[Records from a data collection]
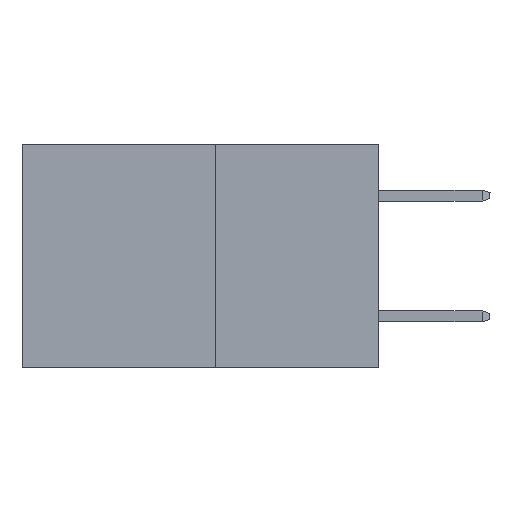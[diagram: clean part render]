
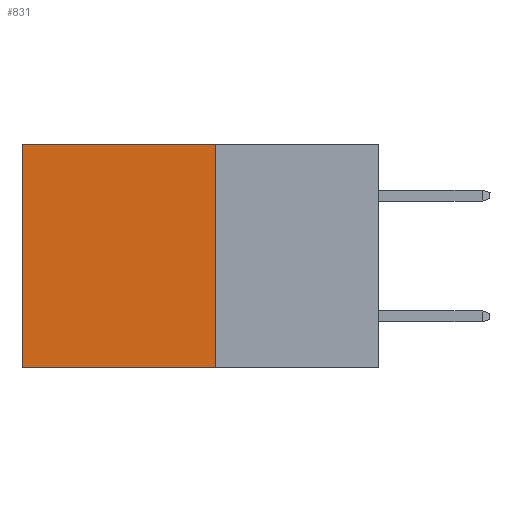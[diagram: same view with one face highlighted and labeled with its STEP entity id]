
A CAD part, left-side view. The second image highlights one B-rep face of the part: STEP entity #831.
In plain terms, the highlighted planar face has unit normal (-1, 0, 0).
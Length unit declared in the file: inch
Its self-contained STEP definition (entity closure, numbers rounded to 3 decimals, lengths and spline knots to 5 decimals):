
#483 = LINE ( 'NONE', #6013, #11288 ) ;
#831 = ADVANCED_FACE ( 'NONE', ( #17000 ), #17983, .F. ) ;
#847 = EDGE_CURVE ( 'NONE', #4671, #14925, #5895, .T. ) ;
#1681 = EDGE_CURVE ( 'NONE', #14925, #12356, #483, .T. ) ;
#1943 = EDGE_LOOP ( 'NONE', ( #9536, #9299, #3865, #12966 ) ) ;
#2103 = CARTESIAN_POINT ( 'NONE',  ( 0.277, 0.27, -0.37 ) ) ;
#2303 = VECTOR ( 'NONE', #10813, 39.37008 ) ;
#3606 = VERTEX_POINT ( 'NONE', #2103 ) ;
#3641 = CARTESIAN_POINT ( 'NONE',  ( 0.277, 0.27, -0.37 ) ) ;
#3865 = ORIENTED_EDGE ( 'NONE', *, *, #4204, .F. ) ;
#4204 = EDGE_CURVE ( 'NONE', #4671, #3606, #6072, .T. ) ;
#4213 = CARTESIAN_POINT ( 'NONE',  ( 0.277, 0.59, 0. ) ) ;
#4671 = VERTEX_POINT ( 'NONE', #9974 ) ;
#5895 = LINE ( 'NONE', #12993, #9631 ) ;
#6013 = CARTESIAN_POINT ( 'NONE',  ( 0.277, 0.59, -0.37 ) ) ;
#6072 = LINE ( 'NONE', #3641, #2303 ) ;
#7365 = DIRECTION ( 'NONE',  ( 1., 0., 0. ) ) ;
#8486 = EDGE_CURVE ( 'NONE', #3606, #12356, #15465, .T. ) ;
#9299 = ORIENTED_EDGE ( 'NONE', *, *, #8486, .F. ) ;
#9536 = ORIENTED_EDGE ( 'NONE', *, *, #1681, .T. ) ;
#9631 = VECTOR ( 'NONE', #14251, 39.37008 ) ;
#9974 = CARTESIAN_POINT ( 'NONE',  ( 0.277, 0.27, 0. ) ) ;
#10033 = CARTESIAN_POINT ( 'NONE',  ( 0.277, 0.59, -0.37 ) ) ;
#10813 = DIRECTION ( 'NONE',  ( 0., 0., -1. ) ) ;
#11288 = VECTOR ( 'NONE', #17395, 39.37008 ) ;
#11347 = VECTOR ( 'NONE', #12811, 39.37008 ) ;
#11617 = AXIS2_PLACEMENT_3D ( 'NONE', #12572, #7365, #14062 ) ;
#12356 = VERTEX_POINT ( 'NONE', #10033 ) ;
#12572 = CARTESIAN_POINT ( 'NONE',  ( 0.277, 0.27, -0.37 ) ) ;
#12811 = DIRECTION ( 'NONE',  ( 0., 1., 0. ) ) ;
#12966 = ORIENTED_EDGE ( 'NONE', *, *, #847, .T. ) ;
#12993 = CARTESIAN_POINT ( 'NONE',  ( 0.277, 0.27, 0. ) ) ;
#12996 = CARTESIAN_POINT ( 'NONE',  ( 0.277, 0.27, -0.37 ) ) ;
#14062 = DIRECTION ( 'NONE',  ( 0., 0., -1. ) ) ;
#14251 = DIRECTION ( 'NONE',  ( 0., 1., 0. ) ) ;
#14925 = VERTEX_POINT ( 'NONE', #4213 ) ;
#15465 = LINE ( 'NONE', #12996, #11347 ) ;
#17000 = FACE_OUTER_BOUND ( 'NONE', #1943, .T. ) ;
#17395 = DIRECTION ( 'NONE',  ( 0., 0., -1. ) ) ;
#17983 = PLANE ( 'NONE',  #11617 ) ;

### TASK OBJECTIVE
All lines of the records containing "DIRECTION" should be shown.

### ANSWER SECTION
#7365 = DIRECTION ( 'NONE',  ( 1., 0., 0. ) ) ;
#10813 = DIRECTION ( 'NONE',  ( 0., 0., -1. ) ) ;
#12811 = DIRECTION ( 'NONE',  ( 0., 1., 0. ) ) ;
#14062 = DIRECTION ( 'NONE',  ( 0., 0., -1. ) ) ;
#14251 = DIRECTION ( 'NONE',  ( 0., 1., 0. ) ) ;
#17395 = DIRECTION ( 'NONE',  ( 0., 0., -1. ) ) ;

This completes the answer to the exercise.